On August 11, 2011, in connection with our acquisition of PAETEC, we amended our senior secured credit agreement to,
among other things, (i) permit the issuance of bridge loans, (ii) permit the issuance and repayment of escrow notes, (iii) waive
guaranty and security requirements with regard to PAETEC and its subsidiaries, (iv) delete the capital expenditures covenant
and (v) waive any breach due to the change of control provisions under PAETEC's outstanding notes. In addition, we amended
the security agreement to, among other things, waive the obligation to grant security on accounts relating to escrow notes and
the proceeds of notes held in such accounts.
On September 17, 2010, we amended our credit facility to permit the signing of rural broadband stimulus grant agreements
with the Rural Utilities Service. We also increased the size of our secured leverage capacity. Specifically, we increased the size
of the secured incremental facility basket from $800.0 million to $1.6 billion. We are required to show pro-forma compliance
with a secured debt leverage ratio of 2.25 to 1.0 in order to borrow in excess of the first $800.0 million of the $1.6 billion
basket. On March 18, 2011, we increased the capacity under our senior secured revolving credit facility from $750.0 million to
$1,250.0 million. We had approximately $319.1 million of availability under our senior secured revolving credit facility and
can request up to an additional $850.0 million of commitments, loans or other extensions of credit under the optional
incremental facility of our credit agreement.
Scheduled principal payments for debt outstanding as of December 31, 2011 for each of the twelve month periods ended
December 31, 2012, 2013, 2014, 2015 and 2016 were $193.9 million, $1,254.0 million, $10.9 million, $2,091.5 million and
$0.1 million, respectively. Scheduled principal payments remaining after 2016 are $5,451.6 million.

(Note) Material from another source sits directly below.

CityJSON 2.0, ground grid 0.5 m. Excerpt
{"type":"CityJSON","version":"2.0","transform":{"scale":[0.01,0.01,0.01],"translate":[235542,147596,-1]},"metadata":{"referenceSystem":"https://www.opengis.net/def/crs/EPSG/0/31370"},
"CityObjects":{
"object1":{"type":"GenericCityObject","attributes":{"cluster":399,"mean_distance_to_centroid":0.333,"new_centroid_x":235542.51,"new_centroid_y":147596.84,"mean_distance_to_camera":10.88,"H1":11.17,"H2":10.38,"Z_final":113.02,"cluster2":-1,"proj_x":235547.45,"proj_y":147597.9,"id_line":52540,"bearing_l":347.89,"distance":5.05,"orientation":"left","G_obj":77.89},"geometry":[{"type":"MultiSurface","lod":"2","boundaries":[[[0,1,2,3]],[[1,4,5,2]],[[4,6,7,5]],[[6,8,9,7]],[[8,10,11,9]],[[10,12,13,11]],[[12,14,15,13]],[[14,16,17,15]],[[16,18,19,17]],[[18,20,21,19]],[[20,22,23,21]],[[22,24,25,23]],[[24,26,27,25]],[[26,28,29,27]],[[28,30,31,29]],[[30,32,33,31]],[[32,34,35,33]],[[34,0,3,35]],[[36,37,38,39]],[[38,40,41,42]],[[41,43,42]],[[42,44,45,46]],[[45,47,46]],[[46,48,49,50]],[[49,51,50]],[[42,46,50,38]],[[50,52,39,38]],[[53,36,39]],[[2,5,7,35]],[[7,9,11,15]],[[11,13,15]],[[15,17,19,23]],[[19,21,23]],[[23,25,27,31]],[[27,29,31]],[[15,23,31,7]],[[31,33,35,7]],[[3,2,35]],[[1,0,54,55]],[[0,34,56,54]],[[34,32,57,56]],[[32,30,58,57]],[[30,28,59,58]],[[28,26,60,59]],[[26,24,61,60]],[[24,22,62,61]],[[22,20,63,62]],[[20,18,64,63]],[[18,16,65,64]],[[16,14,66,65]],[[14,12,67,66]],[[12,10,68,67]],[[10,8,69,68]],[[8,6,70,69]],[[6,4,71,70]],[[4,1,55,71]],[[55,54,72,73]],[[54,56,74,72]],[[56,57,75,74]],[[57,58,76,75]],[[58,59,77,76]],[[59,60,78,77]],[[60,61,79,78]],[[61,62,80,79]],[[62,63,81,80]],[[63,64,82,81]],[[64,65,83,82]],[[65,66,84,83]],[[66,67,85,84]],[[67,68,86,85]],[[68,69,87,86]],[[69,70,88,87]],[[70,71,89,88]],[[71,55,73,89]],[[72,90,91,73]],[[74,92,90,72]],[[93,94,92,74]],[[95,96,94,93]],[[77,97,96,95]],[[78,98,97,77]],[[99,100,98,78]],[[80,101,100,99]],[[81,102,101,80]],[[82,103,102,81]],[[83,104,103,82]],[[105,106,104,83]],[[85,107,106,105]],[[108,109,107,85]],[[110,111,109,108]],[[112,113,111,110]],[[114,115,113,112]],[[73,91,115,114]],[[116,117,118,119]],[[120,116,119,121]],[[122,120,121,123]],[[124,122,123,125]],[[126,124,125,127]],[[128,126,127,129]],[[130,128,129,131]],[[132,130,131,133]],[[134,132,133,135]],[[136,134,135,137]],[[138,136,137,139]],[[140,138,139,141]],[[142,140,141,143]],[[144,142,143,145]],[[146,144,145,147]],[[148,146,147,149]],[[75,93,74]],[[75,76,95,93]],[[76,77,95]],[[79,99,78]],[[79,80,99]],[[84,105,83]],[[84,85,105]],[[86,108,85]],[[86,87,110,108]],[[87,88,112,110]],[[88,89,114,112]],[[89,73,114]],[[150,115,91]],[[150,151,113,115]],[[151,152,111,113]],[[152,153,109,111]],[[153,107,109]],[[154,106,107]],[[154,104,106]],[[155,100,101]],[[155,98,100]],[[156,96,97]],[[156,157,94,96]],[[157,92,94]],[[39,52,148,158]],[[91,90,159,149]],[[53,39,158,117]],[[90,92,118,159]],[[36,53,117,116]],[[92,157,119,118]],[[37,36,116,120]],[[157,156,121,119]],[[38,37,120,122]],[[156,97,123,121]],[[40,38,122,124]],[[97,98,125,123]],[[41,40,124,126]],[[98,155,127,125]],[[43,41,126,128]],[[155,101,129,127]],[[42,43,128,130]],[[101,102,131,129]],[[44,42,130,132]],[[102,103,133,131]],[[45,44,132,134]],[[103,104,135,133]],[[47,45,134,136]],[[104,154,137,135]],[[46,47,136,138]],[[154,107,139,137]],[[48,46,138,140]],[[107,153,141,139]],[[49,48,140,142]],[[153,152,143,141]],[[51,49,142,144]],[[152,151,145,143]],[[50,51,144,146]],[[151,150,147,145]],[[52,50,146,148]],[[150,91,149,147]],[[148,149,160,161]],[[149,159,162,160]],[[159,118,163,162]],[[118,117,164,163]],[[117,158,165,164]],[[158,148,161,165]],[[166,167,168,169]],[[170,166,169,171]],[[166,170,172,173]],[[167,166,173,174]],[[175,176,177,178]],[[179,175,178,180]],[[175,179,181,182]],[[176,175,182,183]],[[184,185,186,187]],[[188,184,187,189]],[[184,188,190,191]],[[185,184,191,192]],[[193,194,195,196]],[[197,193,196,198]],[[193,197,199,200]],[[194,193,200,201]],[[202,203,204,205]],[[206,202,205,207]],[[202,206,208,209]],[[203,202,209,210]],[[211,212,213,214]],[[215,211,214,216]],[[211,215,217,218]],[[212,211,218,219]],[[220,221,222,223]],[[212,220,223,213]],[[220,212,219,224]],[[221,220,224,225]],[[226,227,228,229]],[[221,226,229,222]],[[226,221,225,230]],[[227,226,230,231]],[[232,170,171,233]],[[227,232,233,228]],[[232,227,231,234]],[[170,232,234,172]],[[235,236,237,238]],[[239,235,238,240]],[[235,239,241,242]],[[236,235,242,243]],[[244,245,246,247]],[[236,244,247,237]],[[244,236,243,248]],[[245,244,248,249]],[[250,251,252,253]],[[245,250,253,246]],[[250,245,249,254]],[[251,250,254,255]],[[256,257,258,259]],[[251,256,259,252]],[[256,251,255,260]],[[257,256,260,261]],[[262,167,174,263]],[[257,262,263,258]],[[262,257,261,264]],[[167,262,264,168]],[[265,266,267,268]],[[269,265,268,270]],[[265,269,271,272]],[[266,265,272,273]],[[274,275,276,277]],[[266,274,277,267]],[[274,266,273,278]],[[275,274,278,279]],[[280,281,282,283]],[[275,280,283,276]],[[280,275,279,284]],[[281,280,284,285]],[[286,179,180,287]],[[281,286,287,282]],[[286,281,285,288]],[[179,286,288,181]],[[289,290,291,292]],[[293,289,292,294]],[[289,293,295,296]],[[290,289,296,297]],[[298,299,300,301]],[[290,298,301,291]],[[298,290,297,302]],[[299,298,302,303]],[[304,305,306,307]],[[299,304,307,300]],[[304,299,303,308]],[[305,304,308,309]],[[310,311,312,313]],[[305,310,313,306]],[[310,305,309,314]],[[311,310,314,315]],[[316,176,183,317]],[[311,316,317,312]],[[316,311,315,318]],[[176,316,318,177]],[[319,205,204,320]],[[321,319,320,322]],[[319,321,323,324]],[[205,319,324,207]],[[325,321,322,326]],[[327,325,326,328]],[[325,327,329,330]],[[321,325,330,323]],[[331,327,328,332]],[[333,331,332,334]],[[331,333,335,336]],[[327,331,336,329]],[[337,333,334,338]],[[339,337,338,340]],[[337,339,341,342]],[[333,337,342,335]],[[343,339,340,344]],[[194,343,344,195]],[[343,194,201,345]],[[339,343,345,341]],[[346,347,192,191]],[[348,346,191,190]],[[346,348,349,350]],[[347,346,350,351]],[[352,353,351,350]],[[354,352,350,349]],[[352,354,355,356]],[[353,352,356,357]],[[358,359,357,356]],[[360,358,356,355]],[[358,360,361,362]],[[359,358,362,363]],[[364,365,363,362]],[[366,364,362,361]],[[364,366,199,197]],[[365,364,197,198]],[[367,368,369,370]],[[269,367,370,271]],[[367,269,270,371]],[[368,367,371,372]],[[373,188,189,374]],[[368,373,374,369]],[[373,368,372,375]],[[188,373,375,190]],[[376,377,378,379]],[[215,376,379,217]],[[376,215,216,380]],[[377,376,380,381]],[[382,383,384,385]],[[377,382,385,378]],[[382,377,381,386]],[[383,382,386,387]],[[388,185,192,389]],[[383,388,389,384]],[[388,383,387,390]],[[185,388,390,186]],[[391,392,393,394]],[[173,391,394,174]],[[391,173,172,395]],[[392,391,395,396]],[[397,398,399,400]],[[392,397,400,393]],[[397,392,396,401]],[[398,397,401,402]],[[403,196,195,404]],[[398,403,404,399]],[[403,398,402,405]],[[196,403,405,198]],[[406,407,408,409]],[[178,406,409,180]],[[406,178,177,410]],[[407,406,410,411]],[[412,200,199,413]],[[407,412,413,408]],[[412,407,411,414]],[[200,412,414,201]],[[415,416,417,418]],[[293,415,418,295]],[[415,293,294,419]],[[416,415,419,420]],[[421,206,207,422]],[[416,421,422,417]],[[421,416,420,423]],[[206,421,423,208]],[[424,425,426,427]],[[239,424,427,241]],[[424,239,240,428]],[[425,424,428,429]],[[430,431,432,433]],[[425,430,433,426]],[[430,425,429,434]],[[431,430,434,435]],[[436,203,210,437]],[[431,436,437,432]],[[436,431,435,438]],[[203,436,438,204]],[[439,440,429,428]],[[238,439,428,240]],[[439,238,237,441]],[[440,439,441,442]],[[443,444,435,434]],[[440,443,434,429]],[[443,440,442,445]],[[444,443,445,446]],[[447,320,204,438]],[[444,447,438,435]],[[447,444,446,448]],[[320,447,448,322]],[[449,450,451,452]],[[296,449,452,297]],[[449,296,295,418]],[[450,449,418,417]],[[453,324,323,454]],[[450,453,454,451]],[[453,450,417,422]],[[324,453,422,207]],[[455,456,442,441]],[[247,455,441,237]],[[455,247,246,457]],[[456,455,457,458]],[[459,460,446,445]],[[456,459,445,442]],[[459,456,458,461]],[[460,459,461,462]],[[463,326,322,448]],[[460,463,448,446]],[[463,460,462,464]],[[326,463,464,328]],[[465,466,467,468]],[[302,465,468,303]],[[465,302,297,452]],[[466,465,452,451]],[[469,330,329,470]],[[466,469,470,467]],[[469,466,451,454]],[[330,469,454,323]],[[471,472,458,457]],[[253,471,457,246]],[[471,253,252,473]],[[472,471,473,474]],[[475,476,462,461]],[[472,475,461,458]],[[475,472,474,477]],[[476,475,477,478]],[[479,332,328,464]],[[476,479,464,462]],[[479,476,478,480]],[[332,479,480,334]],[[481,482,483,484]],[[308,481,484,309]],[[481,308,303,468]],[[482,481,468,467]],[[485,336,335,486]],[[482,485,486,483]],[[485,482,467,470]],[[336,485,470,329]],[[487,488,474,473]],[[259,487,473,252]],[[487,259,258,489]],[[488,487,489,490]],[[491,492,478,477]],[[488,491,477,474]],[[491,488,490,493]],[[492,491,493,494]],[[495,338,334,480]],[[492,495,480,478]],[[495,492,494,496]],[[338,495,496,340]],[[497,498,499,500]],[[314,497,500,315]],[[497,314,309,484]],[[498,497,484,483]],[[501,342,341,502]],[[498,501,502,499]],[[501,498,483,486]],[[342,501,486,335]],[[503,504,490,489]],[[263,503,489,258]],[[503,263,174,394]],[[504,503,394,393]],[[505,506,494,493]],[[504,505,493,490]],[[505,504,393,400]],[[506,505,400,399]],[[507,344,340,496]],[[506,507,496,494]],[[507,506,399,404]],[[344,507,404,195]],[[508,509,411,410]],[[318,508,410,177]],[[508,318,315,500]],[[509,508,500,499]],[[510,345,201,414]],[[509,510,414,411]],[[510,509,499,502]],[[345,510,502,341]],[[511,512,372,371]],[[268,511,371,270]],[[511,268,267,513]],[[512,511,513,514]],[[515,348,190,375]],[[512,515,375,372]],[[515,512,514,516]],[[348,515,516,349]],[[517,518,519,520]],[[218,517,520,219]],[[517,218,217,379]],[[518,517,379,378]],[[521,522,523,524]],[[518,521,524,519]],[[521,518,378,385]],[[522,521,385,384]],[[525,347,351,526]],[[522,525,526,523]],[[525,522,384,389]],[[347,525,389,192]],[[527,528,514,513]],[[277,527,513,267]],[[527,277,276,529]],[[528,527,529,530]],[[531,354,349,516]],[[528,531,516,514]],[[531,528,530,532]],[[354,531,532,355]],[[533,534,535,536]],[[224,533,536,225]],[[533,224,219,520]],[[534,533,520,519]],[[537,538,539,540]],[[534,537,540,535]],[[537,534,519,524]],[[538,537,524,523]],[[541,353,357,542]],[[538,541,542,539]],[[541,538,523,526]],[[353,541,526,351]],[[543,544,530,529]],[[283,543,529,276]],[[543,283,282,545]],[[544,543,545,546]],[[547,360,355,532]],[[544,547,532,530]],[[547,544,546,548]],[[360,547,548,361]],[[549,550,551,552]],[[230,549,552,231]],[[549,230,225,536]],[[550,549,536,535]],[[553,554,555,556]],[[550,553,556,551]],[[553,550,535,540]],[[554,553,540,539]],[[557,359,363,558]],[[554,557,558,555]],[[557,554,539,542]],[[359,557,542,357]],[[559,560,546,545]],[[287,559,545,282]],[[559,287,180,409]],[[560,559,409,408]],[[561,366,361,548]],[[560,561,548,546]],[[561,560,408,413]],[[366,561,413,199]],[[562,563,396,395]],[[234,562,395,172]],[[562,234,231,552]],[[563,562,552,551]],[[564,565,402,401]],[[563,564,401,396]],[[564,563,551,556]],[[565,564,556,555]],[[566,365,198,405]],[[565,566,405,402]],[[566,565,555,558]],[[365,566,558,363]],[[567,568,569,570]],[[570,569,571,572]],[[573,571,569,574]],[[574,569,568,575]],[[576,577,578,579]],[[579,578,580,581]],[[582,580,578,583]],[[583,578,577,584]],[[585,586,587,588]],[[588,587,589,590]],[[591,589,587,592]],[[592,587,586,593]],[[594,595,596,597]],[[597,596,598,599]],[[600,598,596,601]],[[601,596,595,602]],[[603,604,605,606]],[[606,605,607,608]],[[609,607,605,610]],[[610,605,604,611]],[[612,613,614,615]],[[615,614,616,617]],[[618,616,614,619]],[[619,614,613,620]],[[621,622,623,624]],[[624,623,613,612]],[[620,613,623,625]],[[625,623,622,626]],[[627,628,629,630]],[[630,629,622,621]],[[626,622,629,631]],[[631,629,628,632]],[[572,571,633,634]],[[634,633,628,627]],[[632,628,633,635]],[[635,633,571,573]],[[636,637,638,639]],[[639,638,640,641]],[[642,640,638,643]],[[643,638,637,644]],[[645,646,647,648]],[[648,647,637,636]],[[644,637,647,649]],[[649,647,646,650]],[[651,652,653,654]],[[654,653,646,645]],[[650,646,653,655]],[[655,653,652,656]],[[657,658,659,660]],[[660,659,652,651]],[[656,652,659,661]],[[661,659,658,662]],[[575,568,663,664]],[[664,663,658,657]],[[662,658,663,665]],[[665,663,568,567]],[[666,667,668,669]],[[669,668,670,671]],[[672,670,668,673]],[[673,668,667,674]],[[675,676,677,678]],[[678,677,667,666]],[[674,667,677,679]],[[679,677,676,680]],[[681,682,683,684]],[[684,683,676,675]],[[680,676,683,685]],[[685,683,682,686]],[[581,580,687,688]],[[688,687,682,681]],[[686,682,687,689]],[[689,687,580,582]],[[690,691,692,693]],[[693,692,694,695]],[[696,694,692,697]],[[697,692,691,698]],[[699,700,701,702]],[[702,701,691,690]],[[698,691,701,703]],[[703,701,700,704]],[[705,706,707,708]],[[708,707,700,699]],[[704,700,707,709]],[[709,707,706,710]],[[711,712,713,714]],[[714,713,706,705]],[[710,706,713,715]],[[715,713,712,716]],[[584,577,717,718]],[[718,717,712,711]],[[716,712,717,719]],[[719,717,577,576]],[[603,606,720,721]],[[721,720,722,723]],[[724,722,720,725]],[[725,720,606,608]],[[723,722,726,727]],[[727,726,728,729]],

Certain of our debt agreements contain various covenants and restrictions specific to the subsidiary that is the legal
counterparty to the agreement. Under our long-term debt agreements, acceleration of principal payments would occur upon
payment default, violation of debt covenants not cured within 30 days, a change in control including a person or group
obtaining 50 percent or more of our outstanding voting stock, or breach of certain other conditions set forth in the borrowing
agreements. At December 31, 2011, we were in compliance with all such covenants and restrictions.